# A bit of distraction?



## patp (Apr 30, 2007)

Just thought a light hearted thread might be needed so here goes

Things people might not know about me - 

I have been interviewed, live, on the radio twice.

I once bought a bag of horse food, for an underweight horse, and won a trip to Fiji to observe the work of World Horse Welfare.

Over to you


----------



## raynipper (Aug 4, 2008)

Yep Pat, I have been interviewed on Northampton local radio when we used to have the American RV show at Billing. Nothing came of them and no magic job offers.
I was in a big feature film as a 'head ' on a train in The Fourth Protocol. 

Ray.


----------



## JanHank (Mar 29, 2015)

I´m not sure if I have told you this before, but I used to be a call girl and was so good at it I instructed other females and males how to be call persons. >


----------



## raynipper (Aug 4, 2008)

My wife and her twin sister were Babysham and Cherry B girls at Olympia back in the 60s. One blonde and one dark.

Ray.


----------



## jiwawa (Jun 22, 2007)

raynipper said:


> My wife and her twin sister were Babysham and Cherry B girls at Olympia back in the 60s. One blonde and one dark.
> 
> Ray.


Ooh, is there a pic Ray??

I met the Queen, Prince Philip n Prince Charles - think it might have been Charles' first official outing. No conversation, just a handshake.


----------



## raynipper (Aug 4, 2008)

There is one Jean but kinda buried till the next time she comes across it. They were in stripy sweaters as I remember.

Ray.


----------



## barryd (May 9, 2008)

I hold an unofficial world record for the fastest row in a rowing boat from the west coast of Scotland to the East down the Caledonian Canal including Loch Ness (18 hours in the water). I also managed to get the Duke of Edinburgh to lose his rag and swear loudly.  (I will eek that one out if anyone is interested)


----------



## jiwawa (Jun 22, 2007)

barryd said:


> I also managed to get the Duke of Edinburgh to lose his rag and swear loudly.
> 
> 
> 
> ...


Is that very unusual Barry? (haha!!)


----------



## JanHank (Mar 29, 2015)

barryd said:


> I hold an unofficial world record for the fastest row in a rowing boat from the west coast of Scotland to the East down the Caledonian Canal including Loch Ness (18 hours in the water). I also managed to get the Duke of Edinburgh to lose his rag and swear loudly.  (I will eek that one out if anyone is interested)

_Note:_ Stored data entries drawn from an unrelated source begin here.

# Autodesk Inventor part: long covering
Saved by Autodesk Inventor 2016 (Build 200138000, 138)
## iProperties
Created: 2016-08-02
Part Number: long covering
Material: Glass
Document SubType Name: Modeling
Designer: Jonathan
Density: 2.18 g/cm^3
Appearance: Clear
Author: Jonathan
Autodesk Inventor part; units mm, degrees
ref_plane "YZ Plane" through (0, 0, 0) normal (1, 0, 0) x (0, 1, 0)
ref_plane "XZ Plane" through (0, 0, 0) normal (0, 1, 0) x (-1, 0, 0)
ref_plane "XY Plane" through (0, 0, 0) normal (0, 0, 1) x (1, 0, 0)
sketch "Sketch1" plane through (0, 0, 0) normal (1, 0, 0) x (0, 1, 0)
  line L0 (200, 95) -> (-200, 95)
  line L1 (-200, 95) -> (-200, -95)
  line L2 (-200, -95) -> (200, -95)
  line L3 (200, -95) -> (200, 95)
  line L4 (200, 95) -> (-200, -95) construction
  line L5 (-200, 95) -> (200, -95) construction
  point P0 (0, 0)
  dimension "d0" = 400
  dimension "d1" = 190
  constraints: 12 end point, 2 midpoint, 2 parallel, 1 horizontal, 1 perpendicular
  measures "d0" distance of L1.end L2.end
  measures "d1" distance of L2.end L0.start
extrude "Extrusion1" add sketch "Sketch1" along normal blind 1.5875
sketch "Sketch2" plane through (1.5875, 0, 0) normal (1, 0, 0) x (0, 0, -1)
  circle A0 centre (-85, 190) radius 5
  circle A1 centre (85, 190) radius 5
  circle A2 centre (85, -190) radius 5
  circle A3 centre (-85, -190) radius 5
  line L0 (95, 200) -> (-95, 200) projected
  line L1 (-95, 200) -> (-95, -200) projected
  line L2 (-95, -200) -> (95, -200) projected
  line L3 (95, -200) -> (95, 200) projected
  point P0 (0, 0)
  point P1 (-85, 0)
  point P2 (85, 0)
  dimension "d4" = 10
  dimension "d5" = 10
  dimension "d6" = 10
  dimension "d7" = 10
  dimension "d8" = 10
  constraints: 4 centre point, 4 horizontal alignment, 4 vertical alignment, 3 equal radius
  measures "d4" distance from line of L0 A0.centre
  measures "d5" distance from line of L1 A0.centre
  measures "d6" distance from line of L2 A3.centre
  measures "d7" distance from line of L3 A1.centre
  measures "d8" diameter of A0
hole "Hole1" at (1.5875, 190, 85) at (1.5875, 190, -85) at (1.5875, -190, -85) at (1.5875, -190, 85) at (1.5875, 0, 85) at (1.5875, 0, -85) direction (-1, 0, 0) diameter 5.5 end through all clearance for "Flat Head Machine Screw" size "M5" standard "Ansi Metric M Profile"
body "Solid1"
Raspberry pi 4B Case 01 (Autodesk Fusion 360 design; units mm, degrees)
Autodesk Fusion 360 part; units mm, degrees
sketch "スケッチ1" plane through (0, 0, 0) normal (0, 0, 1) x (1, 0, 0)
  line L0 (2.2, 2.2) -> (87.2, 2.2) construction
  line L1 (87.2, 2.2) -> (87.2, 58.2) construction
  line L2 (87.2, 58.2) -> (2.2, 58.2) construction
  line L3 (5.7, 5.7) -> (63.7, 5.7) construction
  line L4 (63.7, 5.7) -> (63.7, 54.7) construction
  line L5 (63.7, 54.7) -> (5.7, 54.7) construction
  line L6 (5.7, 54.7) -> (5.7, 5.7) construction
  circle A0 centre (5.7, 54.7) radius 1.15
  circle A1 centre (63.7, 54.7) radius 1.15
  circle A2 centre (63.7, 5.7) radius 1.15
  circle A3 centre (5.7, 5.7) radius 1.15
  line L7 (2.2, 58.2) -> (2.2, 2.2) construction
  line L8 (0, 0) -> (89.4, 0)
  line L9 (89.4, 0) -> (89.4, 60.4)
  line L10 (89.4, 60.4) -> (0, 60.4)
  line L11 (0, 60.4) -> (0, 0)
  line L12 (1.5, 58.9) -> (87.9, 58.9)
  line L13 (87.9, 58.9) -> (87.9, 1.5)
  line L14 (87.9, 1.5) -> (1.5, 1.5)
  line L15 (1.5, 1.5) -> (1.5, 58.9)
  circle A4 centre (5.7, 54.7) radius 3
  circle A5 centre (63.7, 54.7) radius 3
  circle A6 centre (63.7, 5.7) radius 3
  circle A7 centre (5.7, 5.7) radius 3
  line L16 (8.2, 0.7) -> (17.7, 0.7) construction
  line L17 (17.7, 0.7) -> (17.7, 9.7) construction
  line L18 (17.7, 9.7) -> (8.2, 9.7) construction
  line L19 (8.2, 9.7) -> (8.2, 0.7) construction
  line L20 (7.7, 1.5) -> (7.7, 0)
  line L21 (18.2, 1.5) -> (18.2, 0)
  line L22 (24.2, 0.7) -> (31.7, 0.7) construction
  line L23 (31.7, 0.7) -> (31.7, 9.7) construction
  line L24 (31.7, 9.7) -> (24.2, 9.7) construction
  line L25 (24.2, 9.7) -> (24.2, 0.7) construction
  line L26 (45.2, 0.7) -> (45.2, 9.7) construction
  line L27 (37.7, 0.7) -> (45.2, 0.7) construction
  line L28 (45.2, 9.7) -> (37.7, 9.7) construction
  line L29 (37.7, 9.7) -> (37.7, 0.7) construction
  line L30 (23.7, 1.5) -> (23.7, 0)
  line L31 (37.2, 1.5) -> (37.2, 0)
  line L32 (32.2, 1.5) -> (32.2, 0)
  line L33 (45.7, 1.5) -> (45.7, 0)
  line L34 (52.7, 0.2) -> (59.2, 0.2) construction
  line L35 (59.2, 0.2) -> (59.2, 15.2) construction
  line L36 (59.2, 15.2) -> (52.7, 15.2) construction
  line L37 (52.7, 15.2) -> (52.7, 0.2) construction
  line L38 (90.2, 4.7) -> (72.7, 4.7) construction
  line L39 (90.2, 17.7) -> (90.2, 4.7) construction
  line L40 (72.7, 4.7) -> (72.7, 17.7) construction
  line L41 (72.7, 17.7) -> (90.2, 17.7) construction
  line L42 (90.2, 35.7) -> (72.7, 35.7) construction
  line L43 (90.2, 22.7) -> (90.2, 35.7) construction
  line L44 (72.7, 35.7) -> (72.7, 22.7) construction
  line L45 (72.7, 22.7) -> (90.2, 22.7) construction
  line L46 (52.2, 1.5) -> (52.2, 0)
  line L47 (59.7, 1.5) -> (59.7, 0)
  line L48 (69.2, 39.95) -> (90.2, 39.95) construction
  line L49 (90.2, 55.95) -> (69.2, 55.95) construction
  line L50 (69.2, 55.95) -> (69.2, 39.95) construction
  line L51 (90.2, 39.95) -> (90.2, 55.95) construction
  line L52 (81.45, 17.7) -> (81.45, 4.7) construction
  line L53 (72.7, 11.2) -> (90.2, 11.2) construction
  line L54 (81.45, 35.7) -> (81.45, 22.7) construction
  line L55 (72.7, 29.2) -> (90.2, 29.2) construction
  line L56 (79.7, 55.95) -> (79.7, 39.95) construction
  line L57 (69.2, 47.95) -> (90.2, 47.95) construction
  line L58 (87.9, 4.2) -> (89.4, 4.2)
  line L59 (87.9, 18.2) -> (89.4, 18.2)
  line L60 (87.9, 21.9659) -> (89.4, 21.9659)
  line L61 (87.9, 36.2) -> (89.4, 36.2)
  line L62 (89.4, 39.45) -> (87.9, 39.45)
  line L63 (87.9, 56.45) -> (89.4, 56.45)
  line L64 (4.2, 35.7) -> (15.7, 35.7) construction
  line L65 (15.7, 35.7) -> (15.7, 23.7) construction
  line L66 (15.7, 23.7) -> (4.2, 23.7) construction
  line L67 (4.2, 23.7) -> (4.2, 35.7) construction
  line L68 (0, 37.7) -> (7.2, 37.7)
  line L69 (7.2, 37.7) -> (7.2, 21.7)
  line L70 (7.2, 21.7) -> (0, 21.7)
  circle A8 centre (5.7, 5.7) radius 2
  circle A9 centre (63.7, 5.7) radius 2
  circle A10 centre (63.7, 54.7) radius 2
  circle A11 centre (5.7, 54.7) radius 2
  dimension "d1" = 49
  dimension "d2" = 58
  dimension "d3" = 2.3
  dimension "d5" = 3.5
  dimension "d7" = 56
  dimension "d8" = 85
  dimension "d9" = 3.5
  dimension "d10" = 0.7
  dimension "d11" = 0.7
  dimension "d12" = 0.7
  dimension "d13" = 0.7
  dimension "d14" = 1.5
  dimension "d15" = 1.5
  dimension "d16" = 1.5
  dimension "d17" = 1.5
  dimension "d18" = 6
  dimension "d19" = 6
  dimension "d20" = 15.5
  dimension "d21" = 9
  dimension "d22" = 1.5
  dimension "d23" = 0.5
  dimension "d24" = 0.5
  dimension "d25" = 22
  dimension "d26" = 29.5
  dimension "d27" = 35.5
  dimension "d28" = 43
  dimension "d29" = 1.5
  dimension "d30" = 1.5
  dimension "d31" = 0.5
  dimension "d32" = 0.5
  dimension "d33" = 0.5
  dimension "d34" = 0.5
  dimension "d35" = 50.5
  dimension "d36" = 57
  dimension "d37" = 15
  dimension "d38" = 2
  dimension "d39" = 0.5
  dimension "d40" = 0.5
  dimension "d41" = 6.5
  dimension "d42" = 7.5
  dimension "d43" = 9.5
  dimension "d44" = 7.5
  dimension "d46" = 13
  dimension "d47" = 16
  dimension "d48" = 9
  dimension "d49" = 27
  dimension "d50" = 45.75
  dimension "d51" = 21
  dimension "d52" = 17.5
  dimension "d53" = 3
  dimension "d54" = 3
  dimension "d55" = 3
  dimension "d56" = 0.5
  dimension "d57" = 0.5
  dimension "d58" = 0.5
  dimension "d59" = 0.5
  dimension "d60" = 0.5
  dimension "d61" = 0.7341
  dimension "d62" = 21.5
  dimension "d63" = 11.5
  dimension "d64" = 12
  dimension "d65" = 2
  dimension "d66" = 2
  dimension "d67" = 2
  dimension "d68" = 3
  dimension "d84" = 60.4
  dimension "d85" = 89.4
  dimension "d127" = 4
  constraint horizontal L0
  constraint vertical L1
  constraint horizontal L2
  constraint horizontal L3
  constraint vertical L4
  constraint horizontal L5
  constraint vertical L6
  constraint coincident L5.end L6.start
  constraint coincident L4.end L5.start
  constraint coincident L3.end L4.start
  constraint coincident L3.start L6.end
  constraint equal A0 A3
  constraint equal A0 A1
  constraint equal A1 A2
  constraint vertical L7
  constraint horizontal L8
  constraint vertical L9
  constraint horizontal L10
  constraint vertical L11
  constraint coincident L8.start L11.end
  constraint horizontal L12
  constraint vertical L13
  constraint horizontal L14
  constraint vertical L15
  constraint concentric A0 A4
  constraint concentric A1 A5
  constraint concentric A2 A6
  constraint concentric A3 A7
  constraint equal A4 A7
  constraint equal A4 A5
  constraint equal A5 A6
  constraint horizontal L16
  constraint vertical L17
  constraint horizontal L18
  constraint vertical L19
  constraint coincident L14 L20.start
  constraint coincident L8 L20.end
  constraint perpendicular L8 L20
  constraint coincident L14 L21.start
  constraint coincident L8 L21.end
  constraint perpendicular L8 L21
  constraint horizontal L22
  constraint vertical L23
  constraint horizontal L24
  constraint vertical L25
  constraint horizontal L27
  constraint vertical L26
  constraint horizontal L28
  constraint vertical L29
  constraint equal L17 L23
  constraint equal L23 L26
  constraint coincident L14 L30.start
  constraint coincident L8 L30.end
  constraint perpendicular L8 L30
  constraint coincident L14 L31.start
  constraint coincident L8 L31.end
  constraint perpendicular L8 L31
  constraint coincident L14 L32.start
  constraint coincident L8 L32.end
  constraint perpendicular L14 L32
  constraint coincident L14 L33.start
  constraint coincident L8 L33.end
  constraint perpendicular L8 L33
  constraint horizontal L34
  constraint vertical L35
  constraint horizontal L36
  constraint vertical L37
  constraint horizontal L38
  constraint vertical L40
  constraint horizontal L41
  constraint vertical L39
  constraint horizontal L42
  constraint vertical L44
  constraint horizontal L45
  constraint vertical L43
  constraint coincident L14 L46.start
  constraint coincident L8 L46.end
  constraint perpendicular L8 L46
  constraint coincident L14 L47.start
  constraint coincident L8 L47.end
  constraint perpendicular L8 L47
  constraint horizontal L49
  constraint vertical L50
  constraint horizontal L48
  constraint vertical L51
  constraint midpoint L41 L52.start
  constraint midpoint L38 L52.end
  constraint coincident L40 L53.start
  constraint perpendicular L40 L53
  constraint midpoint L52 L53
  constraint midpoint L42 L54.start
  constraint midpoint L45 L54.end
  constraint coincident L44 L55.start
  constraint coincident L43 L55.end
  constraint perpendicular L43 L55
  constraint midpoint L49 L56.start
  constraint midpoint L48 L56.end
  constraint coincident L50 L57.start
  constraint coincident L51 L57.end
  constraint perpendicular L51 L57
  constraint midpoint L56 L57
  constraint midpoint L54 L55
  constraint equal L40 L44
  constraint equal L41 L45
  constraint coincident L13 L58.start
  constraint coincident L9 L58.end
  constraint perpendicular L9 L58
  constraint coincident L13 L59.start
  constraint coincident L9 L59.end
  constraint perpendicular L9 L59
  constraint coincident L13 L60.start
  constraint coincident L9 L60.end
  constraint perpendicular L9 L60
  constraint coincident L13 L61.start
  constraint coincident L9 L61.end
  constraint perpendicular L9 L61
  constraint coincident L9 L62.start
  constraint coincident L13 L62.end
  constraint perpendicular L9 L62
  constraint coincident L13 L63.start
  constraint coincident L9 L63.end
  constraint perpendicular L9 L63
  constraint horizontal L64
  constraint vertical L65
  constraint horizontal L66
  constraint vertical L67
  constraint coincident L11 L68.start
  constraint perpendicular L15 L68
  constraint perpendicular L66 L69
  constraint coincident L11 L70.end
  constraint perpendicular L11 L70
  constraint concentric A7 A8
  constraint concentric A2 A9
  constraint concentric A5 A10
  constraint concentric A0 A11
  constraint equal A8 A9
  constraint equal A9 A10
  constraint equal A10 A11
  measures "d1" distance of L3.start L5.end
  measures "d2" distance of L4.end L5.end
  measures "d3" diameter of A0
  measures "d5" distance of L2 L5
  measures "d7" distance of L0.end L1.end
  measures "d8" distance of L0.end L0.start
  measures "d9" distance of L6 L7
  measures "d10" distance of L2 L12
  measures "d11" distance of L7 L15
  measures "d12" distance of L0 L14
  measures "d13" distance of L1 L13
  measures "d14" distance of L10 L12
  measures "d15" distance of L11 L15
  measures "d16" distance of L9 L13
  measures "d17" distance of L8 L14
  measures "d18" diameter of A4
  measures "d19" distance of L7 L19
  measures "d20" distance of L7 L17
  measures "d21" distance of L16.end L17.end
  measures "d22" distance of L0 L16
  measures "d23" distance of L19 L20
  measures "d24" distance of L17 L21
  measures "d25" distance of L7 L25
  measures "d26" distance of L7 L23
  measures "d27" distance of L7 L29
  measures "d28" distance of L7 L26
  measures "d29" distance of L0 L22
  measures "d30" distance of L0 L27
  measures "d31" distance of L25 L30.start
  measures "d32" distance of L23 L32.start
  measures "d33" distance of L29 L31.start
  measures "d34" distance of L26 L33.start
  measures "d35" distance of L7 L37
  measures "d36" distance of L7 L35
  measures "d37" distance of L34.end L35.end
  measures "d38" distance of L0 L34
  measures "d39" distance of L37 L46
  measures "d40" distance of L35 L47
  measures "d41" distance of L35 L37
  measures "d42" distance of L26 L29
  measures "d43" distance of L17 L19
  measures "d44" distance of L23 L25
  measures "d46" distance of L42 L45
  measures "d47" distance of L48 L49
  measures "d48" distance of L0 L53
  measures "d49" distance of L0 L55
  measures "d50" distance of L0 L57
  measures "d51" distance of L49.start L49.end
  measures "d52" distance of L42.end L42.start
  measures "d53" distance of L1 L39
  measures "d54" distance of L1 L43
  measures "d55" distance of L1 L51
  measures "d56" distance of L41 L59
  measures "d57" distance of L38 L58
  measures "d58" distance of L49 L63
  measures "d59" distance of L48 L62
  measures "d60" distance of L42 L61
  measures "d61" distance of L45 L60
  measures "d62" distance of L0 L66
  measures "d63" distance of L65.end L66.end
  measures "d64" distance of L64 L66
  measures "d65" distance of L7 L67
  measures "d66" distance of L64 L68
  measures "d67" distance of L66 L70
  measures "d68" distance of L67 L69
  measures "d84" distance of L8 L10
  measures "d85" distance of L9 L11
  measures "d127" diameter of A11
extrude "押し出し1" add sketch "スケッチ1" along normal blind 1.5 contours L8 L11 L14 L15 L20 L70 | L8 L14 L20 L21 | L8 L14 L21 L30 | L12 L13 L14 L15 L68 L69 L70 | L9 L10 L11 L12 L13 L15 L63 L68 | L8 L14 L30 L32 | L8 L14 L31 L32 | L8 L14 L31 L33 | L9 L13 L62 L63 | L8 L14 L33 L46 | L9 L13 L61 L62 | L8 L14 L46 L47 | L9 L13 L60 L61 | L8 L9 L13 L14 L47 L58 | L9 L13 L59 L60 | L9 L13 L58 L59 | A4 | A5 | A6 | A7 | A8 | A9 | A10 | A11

Go on, look it out, gives you something to do.


----------



## barryd (May 9, 2008)

JanHank said:


> Go on, look it out, gives you something to do.


I have probably told the story before but ill try and keep it brief. Long story short I got invited to crew on a sigma 38 racing yacht in an international race at Cowes week. I think it was 1995. I stayed on the boat for a few days and had a great time but the day of the race we ended up racing neck and neck with the Duke for ages. At every buoy we would be nicking in just before him but it did seem like everyone was out to get him, boats carving him up on purpose, even spectator power boats.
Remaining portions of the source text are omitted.